[SUPPLIED DATA Boundary: Start]
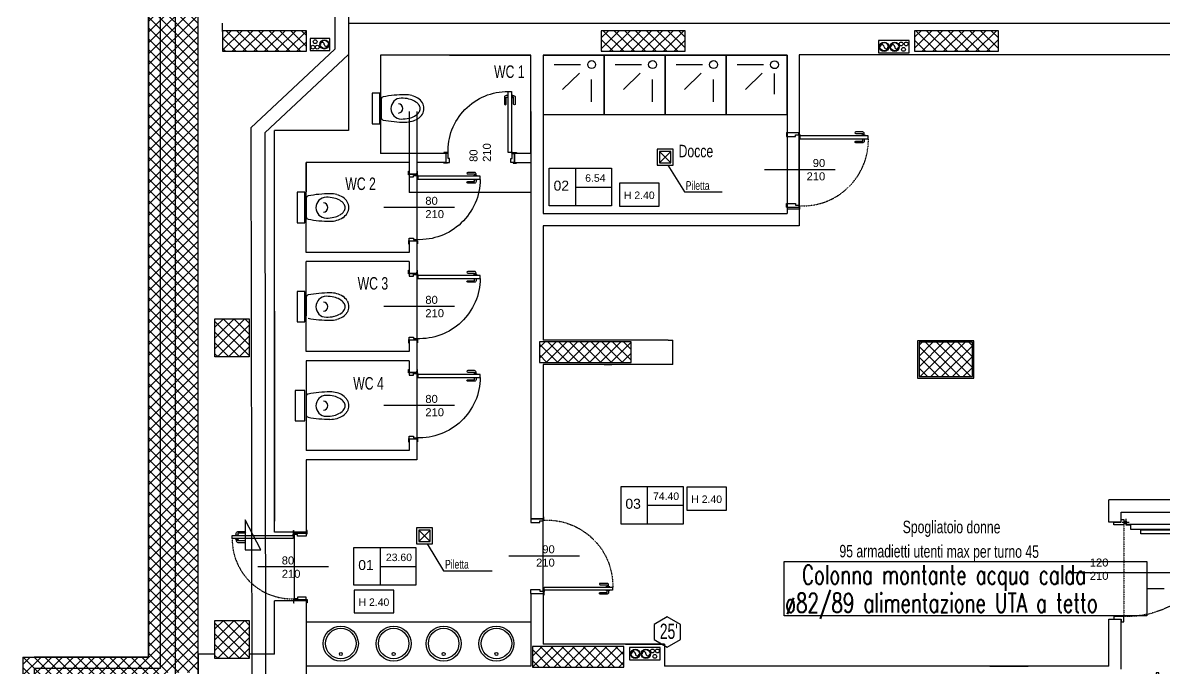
# Model space of a CAD drawing. Header units: millimetres. Extents: x -3782782348 to 131293, y -36553 to 57271.
# Drawn here: x 90045 to 91542, y 38852 to 39699 of the extents above; entities that cross this region are included whole.
import ezdxf

# ---------------------------------------------------------------- set-up
doc = ezdxf.new("R2010")
doc.units = ezdxf.units.MM
doc.header["$LTSCALE"] = 0.01
for name, pattern in [('ACAD_ISO03W100', [30, 12, -18]), ('CONTINOUS', [0]), ('HIDDEN2', [4.7625, 3.175, -1.5875])]:
    doc.linetypes.add(name, pattern=pattern)
doc.layers.get('Defpoints').update_dxf_attribs({"color": 253})
for name, color, linetype in [('ESTRAZ', 2, 'Continuous'), ('X_cavedi', 1, 'Continuous'), ('X_MURI', 8, 'Continuous'), ('X_quote serramenti interni', 251, 'CONTINOUS')]:
    doc.layers.add(name, color=color, linetype=linetype)
doc.styles.add('Max 50', font='arial.ttf', dxfattribs={"width": 0.65, "height": 0.125})
doc.styles.add('nomi', font='arial.ttf')
doc.styles.add('QUOTE', font='simplex.shx', dxfattribs={"width": 0.7})
doc.styles.add('ROMANS', font='romans')
doc.styles.get("Standard").update_dxf_attribs({"font": 'arial.ttf'})
doc.dimstyles.get("Standard").update_dxf_attribs({"dimscale": 0, "dimtxt": 0.18, "dimasz": 0.18, "dimexe": 0.18, "dimexo": 0.0625, "dimgap": 0.09, "dimtad": 1, "dimdec": 0, "dimzin": 0, "dimdsep": 46, "dimtxsty": 'Standard', "dimcen": 0.09, "dimclrd": 256, "dimclre": 256, "dimclrt": 5, "dimadec": 0, "dimazin": 0, "dimtfac": 1, "dimtdec": 0, "dimtix": 1, "dimtofl": 0, "dimtmove": 2, "dimatfit": 3, "dimfxl": 1, "dimtolj": 1, "dimtzin": 0, "dimarcsym": 0})
pattern_1 = [(45, (139069.621, 4436.309), (-7.0710678, 7.0710678), []), (135, (139069.621, 4436.309), (-7.0710678, -7.0710678), [])]

# ---------------------------------------------------------------- blocks, each defined once
blk = doc.blocks.new('90')
for p, q in [((3.9, -46.4), (3.9, 46.4)), ((52.8, 17.3), (52.8, 1.2)), ((-42.1, 1.2), (50, 1.2))]:
    blk.add_line(p, q)
at = {"extrusion": (0, 0, -1)}
for p, q in [((-45.1, 17.3), (-45.1, 1.2)), ((-42.9, 0.3), (-40.9, 0.3)), ((-41.9, 1.4), (-41.9, -0.7))]:
    blk.add_line(p, q, dxfattribs=at)
for points in [[(45.1, 17.3), (40.1, 17.3), (40.1, 5.8), (42.1, 5.8), (42.1, 1.2), (45.1, 1.2)], [(43.1, 1.2), (43.1, 0.2), (47.6, 0.2), (47.6, 1.2)], [(41, -86.1), (41.5, -86.1), (41.5, -81), (41, -81)], [(37, -86.1), (36.4, -86.1), (36.4, -81), (37, -81)]]:
    blk.add_lwpolyline(points, dxfattribs=at)
for points in [[(52.8, 17.3), (48, 17.3), (48, 5.8), (50, 5.8), (50, 1.2), (52.8, 1.2)], [(51, 1.2), (51, 0.2), (55.4, 0.2), (55.4, 1.2)]]:
    blk.add_lwpolyline(points)
blk.add_lwpolyline([(41, 0.1), (37, 0.1), (37, -89.9), (41, -89.9)], close=True, dxfattribs=at)
for points in [[(41.5, -84.6), (43.9, -84.6, 0.414214), (46, -82.6), (46, -73.5, 1), (43.9, -73.5), (43.9, -82.6), (41.5, -82.6)], [(36.4, -84.6), (33.9, -84.6, -0.414214), (31.9, -82.6), (31.9, -73.5, -1), (33.9, -73.5), (33.9, -82.6), (36.4, -82.6)]]:
    blk.add_lwpolyline(points, format="xyb", dxfattribs=at)
blk.add_circle((41.9, 0.3), 0.652, dxfattribs=at)
at = {"linetype": 'ACAD_ISO03W100', "ltscale": 0.5, "extrusion": (0, 0, -1)}
blk.add_arc((35.4, -3.5), 86.5, 176.8781, 271.0597, dxfattribs=at)
blk = doc.blocks.new('porta 120 metallica')
blk.add_line((66, 71.6), (66, -78.7))
at = {"linetype": 'ByBlock'}
for p, q in [((-4.4, -6.2), (3.4, -6.2)), ((0.1, -10.8), (0.1, -1.7))]:
    blk.add_line(p, q, dxfattribs=at)
at = {"color": 5, "linetype": 'HIDDEN2'}
blk.add_line((3.5, -3.5), (123.5, -3.5), dxfattribs=at)
at = {"linetype": 'ByBlock'}
for points in [[(-3.5, 0), (-3.5, -3.5), (3.5, -3.5), (3.5, 9.5), (0, 9.5), (0, 0)], [(123.5, -3.5), (123.5, 9.5), (127, 9.5), (127, 0), (130.5, 0), (130.5, -3.5)], [(8.8, -12.3), (8.8, -131.2), (3.5, -131.2), (3.5, -131.2), (2.8, -131.2), (2.8, -6.2), (3.5, -6.2), (3.5, -12.3)]]:
    blk.add_lwpolyline(points, close=True, dxfattribs=at)
for points in [[(2.8, -121.4), (-3.3, -121.4), (-3.3, -105.1), (2.8, -105.1)], [(8.8, -121.4), (14.9, -121.4), (14.9, -105.1), (8.8, -105.1)]]:
    blk.add_lwpolyline(points, dxfattribs=at)
blk.add_circle((0.1, -6.2), 1.51, dxfattribs=at)
at = {"color": 5, "linetype": 'HIDDEN2'}
blk.add_arc((0, -8), 123.6, 274.0732, 2.0664, dxfattribs=at)
blk = doc.blocks.new('mini cavedio')
at = {"color": 2}
for centre, start, end in [((7430.9, 39372.2, 0), 270, 90), ((7430.9, 39367.1, 0), 90, 270)]:
    blk.add_arc(centre, 2.55, start, end, dxfattribs=at)
at = {"layer": 'X_cavedi'}
for p, q in [((7438.8, 39388.4), (7422.8, 39388.4)), ((7422.8, 39388.4), (7422.8, 39362.2)), ((7438.8, 39362.2), (7438.8, 39388.4)), ((7422.8, 39362.2), (7438.8, 39362.2))]:
    blk.add_line(p, q, dxfattribs=at)
for centre, radius in [((7427.2, 39384.6), 2.5), ((7427.2, 39378.9), 2.5), ((7430.9, 39369.6, 0), 6.11), ((7430.9, 39369.6, 0), 5.43), ((7434.4, 39381.6), 2.5)]:
    blk.add_circle(centre, radius, dxfattribs=at)
blk = doc.blocks.new('cavedio grigia e nera')
at = {"color": 2}
for centre, start, end in [((1740.1, 44244.7, 0), 360, 180), ((1745.2, 44244.7, 0), 180, 360), ((1754, 44244.7, 0), 360, 180), ((1759.1, 44244.7, 0), 180, 360)]:
    blk.add_arc(centre, 2.55, start, end, dxfattribs=at)
at = {"layer": 'X_cavedi'}
for p, q in [((1723.8, 44252.6), (1723.8, 44236.6)), ((1764, 44252.6), (1723.8, 44252.6)), ((1764, 44236.6), (1764, 44252.6)), ((1723.8, 44236.6), (1764, 44236.6))]:
    blk.add_line(p, q, dxfattribs=at)
for centre, radius in [((1727.6, 44241), 2.5), ((1731, 44248.2), 2.5), ((1734.1, 44241), 2.5), ((1742.7, 44244.7, 0), 6.11), ((1742.7, 44244.7, 0), 6.11), ((1742.7, 44244.7, 0), 5.43), ((1756.6, 44244.7, 0), 6.11), ((1756.6, 44244.7, 0), 5.43)]:
    blk.add_circle(centre, radius, dxfattribs=at)
blk = doc.blocks.new('*D865')
at = {"layer": 'Defpoints', "color": 0, "ltscale": 4, "transparency": 16777216}
for p in [(90551.5, 39582.9, 0), (90561.5, 39582.9, 0), (90561.5, 39477.1, 0)]:
    blk.add_point(p, dxfattribs=at)
at = {"layer": 'X_MURI', "lineweight": -2, "ltscale": 4, "transparency": 16777216}
for p, q in [((90551.5, 39582.8, 0), (90551.5, 39476.9, 0)), ((90561.5, 39582.8, 0), (90561.5, 39476.9, 0)), ((90551.7, 39477.1, 0), (90561.3, 39477.1, 0))]:
    blk.add_line(p, q, dxfattribs=at)
at = {"layer": 'X_MURI', "ltscale": 4, "transparency": 16777216}
for points in [[(90551.7, 39477.1, 0), (90551.7, 39477, 0), (90551.5, 39477.1, 0)], [(90561.3, 39477.1, 0), (90561.3, 39477, 0), (90561.5, 39477.1, 0)]]:
    blk.add_solid(points, dxfattribs=at)
at = {"layer": 'X_MURI', "color": 5, "ltscale": 4, "transparency": 16777216, "insert": (90556.5, 39477.2, 0), "char_height": 0.18, "attachment_point": 5}
blk.add_mtext('\\A1;10', dxfattribs=at)
blk = doc.blocks.new('*D866')
at = {"layer": 'Defpoints', "color": 0, "ltscale": 4, "transparency": 16777216}
for p in [(90561.5, 39582.9, 0), (90711.3, 39582.9, 0), (90711.3, 39477.1, 0)]:
    blk.add_point(p, dxfattribs=at)
at = {"layer": 'X_MURI', "lineweight": -2, "ltscale": 4, "transparency": 16777216}
for p, q in [((90561.5, 39582.8, 0), (90561.5, 39476.9, 0)), ((90711.3, 39582.8, 0), (90711.3, 39476.9, 0)), ((90561.7, 39477.1, 0), (90711.1, 39477.1, 0))]:
    blk.add_line(p, q, dxfattribs=at)
at = {"layer": 'X_MURI', "ltscale": 4, "transparency": 16777216}
for points in [[(90561.7, 39477.1, 0), (90561.7, 39477, 0), (90561.5, 39477.1, 0)], [(90711.1, 39477.1, 0), (90711.1, 39477, 0), (90711.3, 39477.1, 0)]]:
    blk.add_solid(points, dxfattribs=at)
at = {"layer": 'X_MURI', "color": 5, "ltscale": 4, "transparency": 16777216, "insert": (90636.4, 39477.2, 0), "char_height": 0.18, "attachment_point": 5}
blk.add_mtext('\\A1;150', dxfattribs=at)
blk = doc.blocks.new('porta 80 (12.5)')
for p, q in [((0, 0), (0, 90)), ((16, 88.7), (0, 88.7)), ((-47.6, 45.1), (45.1, 45.1))]:
    blk.add_line(p, q)
at = {"extrusion": (0, 0, -1)}
for p, q in [((0.1, 3.2), (-1.9, 3.2)), ((-0.9, 2.2), (-0.9, 4.2)), ((16, 1.5), (0, 1.5))]:
    blk.add_line(p, q, dxfattribs=at)
for points in [[(0, 88.2), (-1, 88.2), (-1, 92.7), (0, 92.7)], [(16, 90), (16, 85.2), (4.5, 85.2), (4.5, 87.2), (0, 87.2), (0, 90)], [(16, 88.2), (17, 88.2), (17, 92.7), (16, 92.7)]]:
    blk.add_lwpolyline(points)
blk.add_lwpolyline([(1.2, 4.1), (1.2, 8.1), (81.2, 8.1), (81.2, 4.1)], close=True, dxfattribs=at)
for points in [[(77.3, 8.1), (77.3, 8.7), (72.3, 8.7), (72.3, 8.1)], [(77.3, 4.1), (77.3, 3.6), (72.3, 3.6), (72.3, 4.1)], [(0, 2), (1, 2), (1, -2.5), (0, -2.5)], [(-16, 0), (-16, 5), (-4.5, 5), (-4.5, 3), (0, 3), (0, 0)], [(-16, 2), (-17, 2), (-17, -2.5), (-16, -2.5)]]:
    blk.add_lwpolyline(points, dxfattribs=at)
for points in [[(75.8, 8.7), (75.8, 11.2, 0.414214), (73.8, 13.2), (64.8, 13.2, 1), (64.8, 11.2), (73.8, 11.2), (73.8, 8.7)], [(75.8, 3.6), (75.8, 1.2, -0.414214), (73.8, -0.9), (64.8, -0.9, -1), (64.8, 1.2), (73.8, 1.2), (73.8, 3.6)]]:
    blk.add_lwpolyline(points, format="xyb", dxfattribs=at)
blk.add_circle((0.9, 3.2), 0.652, dxfattribs=at)
at = {"linetype": 'ACAD_ISO03W100', "ltscale": 0.5, "extrusion": (0, 0, -1)}
blk.add_arc((3.2, 9.3), 78, 359.1465, 92.3471, dxfattribs=at)

msp = doc.modelspace()

# ---------------------------------------------------------------- hatches: boundary and pattern name
at = {"layer": 'X_MURI', "ltscale": 4}
h = msp.add_hatch(dxfattribs=at)
h.set_pattern_fill('_USER', color=256, scale=10, angle=45, style=0, double=1, pattern_type=0)
h.set_pattern_definition([(45, (96724.817, -16956.502), (-7.0710678, 7.0710678), []), (135, (96724.817, -16956.502), (-7.0710678, -7.0710678), [])])
h.paths.add_polyline_path([(90230.8, 39726.9), (90253.3, 39726.9), (90253.3, 39748.6), (90230.8, 39748.6)], flags=24)
h.paths.add_polyline_path([(90065.8, 38732.8), (90088.3, 38732.8), (90088.3, 38754.5), (90065.8, 38754.5)], flags=24)
h.paths.add_polyline_path([(90230.8, 39476), (90253.3, 39476), (90253.3, 39497.7), (90230.8, 39497.7)], flags=24)
h.paths.add_polyline_path([(90059.5, 37082.6), (90109.6, 37082.6), (90109.6, 38802.1), (90209.6, 38802.1), (90233.5, 38802.1), (90233.6, 38837.4), (90233.8, 38837.4), (90233.8, 38847), (90274.6, 38847), (90274.6, 38871), (90274.6, 39904), (90209.6, 39904), (90209.6, 38867.1), (90059.6, 38867.1)])
h.paths.add_polyline_path([(90044.6, 37082.6), (90059.5, 37082.6), (90059.6, 38867.1), (90044.6, 38867.1)])
h = msp.add_hatch(dxfattribs=at)
h.set_pattern_fill('_USER', color=256, scale=10, angle=45, style=0, double=1, pattern_type=0)
h.set_pattern_definition(pattern_1)
h.paths.add_polyline_path([(90416.6, 39662), (90416.6, 39689), (90306.6, 39689), (90306.6, 39662)])
h = msp.add_hatch(dxfattribs=at)
h.set_pattern_fill('_USER', color=256, scale=10, angle=45, style=0, double=1, pattern_type=0)
h.set_pattern_definition(pattern_1)
h.paths.add_polyline_path([(90913.6, 39662), (90913.6, 39689), (90803.6, 39689), (90803.6, 39662)])
h = msp.add_hatch(dxfattribs=at)
h.set_pattern_fill('_USER', color=256, scale=10, angle=45, style=0, double=1, pattern_type=0)
h.set_pattern_definition(pattern_1)
h.paths.add_polyline_path([(91324.6, 39662), (91324.6, 39689), (91214.6, 39689), (91214.6, 39662)])
h.paths.add_polyline_path([(91779.6, 39662), (91779.6, 39689), (91669.6, 39689), (91669.6, 39662)])
h.paths.add_polyline_path([(92455.6, 39662), (92455.6, 39689), (92345.6, 39689), (92345.6, 39662)])
h = msp.add_hatch(dxfattribs=at)
h.set_pattern_fill('_USER', color=256, scale=10, angle=45, style=0, double=1, pattern_type=0)
h.set_pattern_definition(pattern_1)
h.paths.add_polyline_path([(94441.8, 39318.2), (94414.8, 39318.2), (94414.8, 39208.2), (94441.8, 39208.2)])
h.paths.add_polyline_path([(94020.7, 39109.2), (94047.7, 39109.2), (94047.7, 39219.2), (94020.7, 39219.2)])
h.paths.add_polyline_path([(94020.7, 39224.2), (94047.7, 39224.2), (94047.7, 39334.2), (94020.7, 39334.2)])
h.paths.add_polyline_path([(93651.7, 39291.3), (93624.7, 39291.3), (93624.7, 39161.3), (93651.7, 39161.3)])
h.paths.add_polyline_path([(93228.6, 39266.2), (93255.6, 39266.2), (93255.6, 39156.2), (93228.6, 39156.2)])
h.paths.add_polyline_path([(92419.6, 39291.3), (92374.6, 39291.3), (92374.6, 39231.2), (92419.6, 39231.2)])
h.paths.add_polyline_path([(91615.3, 39260.3), (91615.3, 39305.3), (91675.3, 39305.3), (91675.3, 39260.3)])
h.paths.add_polyline_path([(91220.5, 39280.2), (91220.5, 39235.2), (91290.5, 39235.2), (91290.5, 39280.2)])
h.paths.add_polyline_path([(90722.6, 39280.8), (90722.6, 39253.8), (90842.6, 39253.8), (90842.6, 39280.8)])
h = msp.add_hatch(dxfattribs=at)
h.set_pattern_fill('_USER', color=256, scale=10, angle=45, style=0, double=1, pattern_type=0)
h.set_pattern_definition(pattern_1)
h.paths.add_polyline_path([(90296.6, 39311), (90341.6, 39311), (90341.6, 39261), (90296.6, 39261)])
h.paths.add_polyline_path([(90296.6, 38915), (90341.6, 38915), (90341.6, 38865), (90296.6, 38865)])
h.paths.add_polyline_path([(90713.3, 38880.9), (90713.3, 38853.9), (90833.3, 38853.9), (90833.3, 38880.9)])
h.paths.add_polyline_path([(91296.6, 38837), (91323.6, 38837), (91323.6, 38606.3), (91296.6, 38606.3)])
h.paths.add_polyline_path([(91688.1, 38837), (91715.1, 38837), (91715.1, 38717), (91688.1, 38717)])
h.paths.add_polyline_path([(92397.5, 38409), (92377.5, 38409), (92377.5, 38849), (92397.5, 38849)])
h.paths.add_polyline_path([(93052.5, 38637), (93329.5, 38637), (93329.5, 38621), (93052.5, 38621)])
h.paths.add_polyline_path([(93052.5, 38822), (93329.5, 38822), (93329.5, 38849), (93025.5, 38849), (93025.5, 38409), (93329.5, 38409), (93329.5, 38436), (93052.5, 38436)])

# ---------------------------------------------------------------- linework, layer by layer
at = {"color": 1}
msp.add_line((91519.3, 38956.9, 0), (91542.1, 38956.9, 0), dxfattribs=at)
at = {"color": 1, "elevation": 0}
msp.add_lwpolyline([(91043.6, 38992.4), (91519.3, 38992.4), (91519.3, 38921.3), (91043.6, 38921.3)], close=True, dxfattribs=at)
at = {"layer": 'X_MURI', "ltscale": 4}
for p, q in [((90209.6, 39904, 0), (90209.6, 38870, 0)), ((90209.6, 38867.1, 0), (90209.6, 39904, 0)), ((90306.6, 39688, 0), (90306.6, 39699, 0)), ((90306.6, 39689, 0), (90306.6, 39662, 0)), ((90471.9, 39699, 0), (93392.6, 39699, 0)), ((90471.9, 39699, 0), (90471.9, 39558)), ((90573.4, 39699, 0), (90990, 39699, 0)), ((91020, 39699, 0), (91070.7, 39699, 0)), ((91220.7, 39699, 0), (91466.7, 39699, 0)), ((90551.5, 39657, 0), (90545.3, 39657, 0)), ((90711.3, 39657, 0), (90551.5, 39657, 0)), ((90604.3, 39657, 0), (90711.3, 39657, 0)), ((90711.3, 39528, 0), (90711.3, 39657, 0)), ((90727.3, 39657, 0), (90727.3, 39449, 0)), ((90727.3, 39657, 0), (91047.3, 39657, 0)), ((91047.3, 39657, 0), (91047.3, 39555.3, 0)), ((90776.4, 39644.1, 0), (90741.7, 39644.1, 0)), ((90856.4, 39644.1, 0), (90821.7, 39644.1, 0)), ((90936.4, 39644.1, 0), (90901.7, 39644.1, 0)), ((91016.4, 39644.1, 0), (90981.7, 39644.1, 0)), ((90774.8, 39633.2, 0), (90752.6, 39612, 0)), ((90854.8, 39633.2, 0), (90832.6, 39612, 0)), ((90934.8, 39633.2, 0), (90912.6, 39612, 0)), ((91014.8, 39633.2, 0), (90992.6, 39612, 0)), ((91030.3, 39632.9, 0), (91030.3, 39605.9, 0)), ((90790.3, 39624.9, 0), (90790.3, 39595.9, 0)), ((90870.3, 39624.9, 0), (90870.3, 39595.9, 0)), ((90950.3, 39624.9, 0), (90950.3, 39595.9, 0)), ((90471.9, 39558), (90374.6, 39558, 0)), ((90374.6, 39030.8, 0), (90374.6, 39558, 0)), ((91047.3, 39555.3, 0), (91063.3, 39555.3, 0)), ((91047.3, 39555.3, 0), (91047.3, 39455.3, 0)), ((91063.3, 39555.3, 0), (91063.3, 39455.3, 0)), ((90599.8, 39528, 0), (90513.9, 39528, 0)), ((90599.8, 39528, 0), (90599.8, 39516, 0)), ((90711.3, 39528, 0), (90689.8, 39528, 0)), ((90689.8, 39528, 0), (90689.8, 39516, 0)), ((90689.8, 39528, 0), (90689.8, 39516, 0)), ((90879.8, 39530.6, 0), (90894.8, 39515.6, 0)), ((90894.8, 39530.6, 0), (90879.8, 39515.6, 0)), ((90416.5, 39398, 0), (90416.5, 39516, 0)), ((90416.5, 39477.4, 0), (90416.5, 39516, 0)), ((90416.5, 39516, 0), (90416.5, 39477.4, 0)), ((90551.5, 39516, 0), (90416.5, 39516, 0)), ((90551.5, 39516, 0), (90551.5, 39500.6, 0)), ((90561.5, 39516, 0), (90561.5, 39500.6, 0)), ((90599.8, 39516, 0), (90561.5, 39516, 0)), ((90689.8, 39516, 0), (90711.3, 39516, 0)), ((90711.3, 39516, 0), (90711.3, 39489, 0)), ((90769.6, 39508.6, 0), (90769.6, 39459, 0)), ((90891, 39512.6, 0), (90912.6, 39477.4, 0)), ((90561.5, 39500.6, 0), (90551.5, 39500.6, 0)), ((90561.5, 39500.6, 0), (90551.5, 39500.6, 0)), ((90561.5, 39502.1, 0), (90561.5, 39412.1, 0)), ((90711.3, 39489, 0), (90711.3, 39048.4, 0)), ((90769.6, 39483.8, 0), (90816.8, 39483.8, 0)), ((90912.6, 39477.4, 0), (90962.1, 39477.4, 0)), ((90611.1, 39457, 0), (90518.4, 39457, 0)), ((90727.3, 39449, 0), (91047.3, 39449, 0)), ((91047.3, 39455.3, 0), (91047.3, 39449, 0)), ((91047.3, 39455.3, 0), (91063.3, 39455.3, 0)), ((90727.3, 39433, 0), (90727.3, 39282.8, 0)), ((90551.5, 39413.4, 0), (90561.5, 39413.5, 0)), ((90551.5, 39413.4, 0), (90551.5, 39398, 0)), ((90551.5, 39413.4, 0), (90561.5, 39413.4, 0)), ((90553.5, 39413.4, 0), (90561.5, 39413.4, 0)), ((90561.5, 39413.5, 0), (90561.5, 39387, 0)), ((90551.5, 39398, 0), (90416.5, 39398, 0)), ((90561.5, 39387, 0), (90561.5, 39370.6, 0)), ((90416.5, 39268, 0), (90416.5, 39386, 0)), ((90551.5, 39386, 0), (90416.5, 39386, 0)), ((90551.5, 39386, 0), (90551.5, 39370.6, 0)), ((90561.5, 39372.1, 0), (90561.5, 39282.1, 0)), ((90561.5, 39370.6, 0), (90551.5, 39370.6, 0)), ((90561.5, 39370.6, 0), (90551.5, 39370.6, 0)), ((90611.1, 39327, 0), (90518.4, 39327, 0)), ((90551.5, 39283.4, 0), (90551.5, 39268, 0)), ((90551.5, 39283.4, 0), (90561.5, 39283.4, 0)), ((90551.5, 39283.4, 0), (90561.5, 39283.4, 0)), ((90553.5, 39283.4, 0), (90561.5, 39283.4, 0)), ((90561.5, 39283.4, 0), (90561.5, 39240.6, 0)), ((90767.4, 39282.8, 0), (90727.3, 39282.8, 0)), ((90891.4, 39282.8, 0), (90767.4, 39282.8, 0)), ((90891.4, 39282.8, 0), (90897.3, 39282.8, 0)), ((90897.3, 39250.8, 0), (90897.3, 39282.8, 0)), ((90551.5, 39268, 0), (90416.5, 39268, 0)), ((90551.5, 39256, 0), (90416.5, 39256, 0)), ((90416.5, 39256, 0), (90416.5, 39195, 0)), ((90551.5, 39256, 0), (90551.5, 39240.6, 0)), ((90561.5, 39240.6, 0), (90551.5, 39240.6, 0)), ((90561.5, 39240.6, 0), (90551.5, 39240.6, 0)), ((90561.5, 39242.1, 0), (90561.5, 39152.1, 0)), ((90727.3, 39250.8, 0), (90727.3, 39048.4, 0)), ((90897.3, 39250.8, 0), (90727.3, 39250.8, 0)), ((90807.3, 39250.8, 0), (90817.3, 39250.8, 0)), ((90416.5, 39195, 0), (90416.5, 39138, 0)), ((90611.1, 39197, 0), (90518.4, 39197, 0)), ((90551.5, 39153.4, 0), (90551.5, 39138, 0)), ((90551.5, 39153.4, 0), (90561.5, 39153.4, 0)), ((90551.5, 39153.4, 0), (90561.5, 39153.4, 0)), ((90553.5, 39153.4, 0), (90561.5, 39153.4, 0)), ((90561.5, 39153.4, 0), (90561.5, 39126, 0)), ((90551.5, 39138, 0), (90416.5, 39138, 0)), ((90561.5, 39126, 0), (90416.5, 39126, 0)), ((90416.5, 39126, 0), (90416.5, 39030.8, 0)), ((90863.8, 39091), (90863.8, 39041.5)), ((91871.4, 39073.5, 0), (91469.5, 39073.5, 0)), ((91469.5, 39043.9, 0), (91469.5, 39073.5, 0)), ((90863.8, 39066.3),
[SUPPLIED DATA Boundary: End]
> _TRY IT_
Start at the first line of the records and write out everything up to and including the line containing "for name, pattern". No pictures.

> _RESULT OF THE TASK_
# Model space of a CAD drawing. Header units: millimetres. Extents: x -3782782348 to 131293, y -36553 to 57271.
# Drawn here: x 90045 to 91542, y 38852 to 39699 of the extents above; entities that cross this region are included whole.
import ezdxf

# ---------------------------------------------------------------- set-up
doc = ezdxf.new("R2010")
doc.units = ezdxf.units.MM
doc.header["$LTSCALE"] = 0.01
for name, pattern in [('ACAD_ISO03W100', [30, 12, -18]), ('CONTINOUS', [0]), ('HIDDEN2', [4.7625, 3.175, -1.5875])]:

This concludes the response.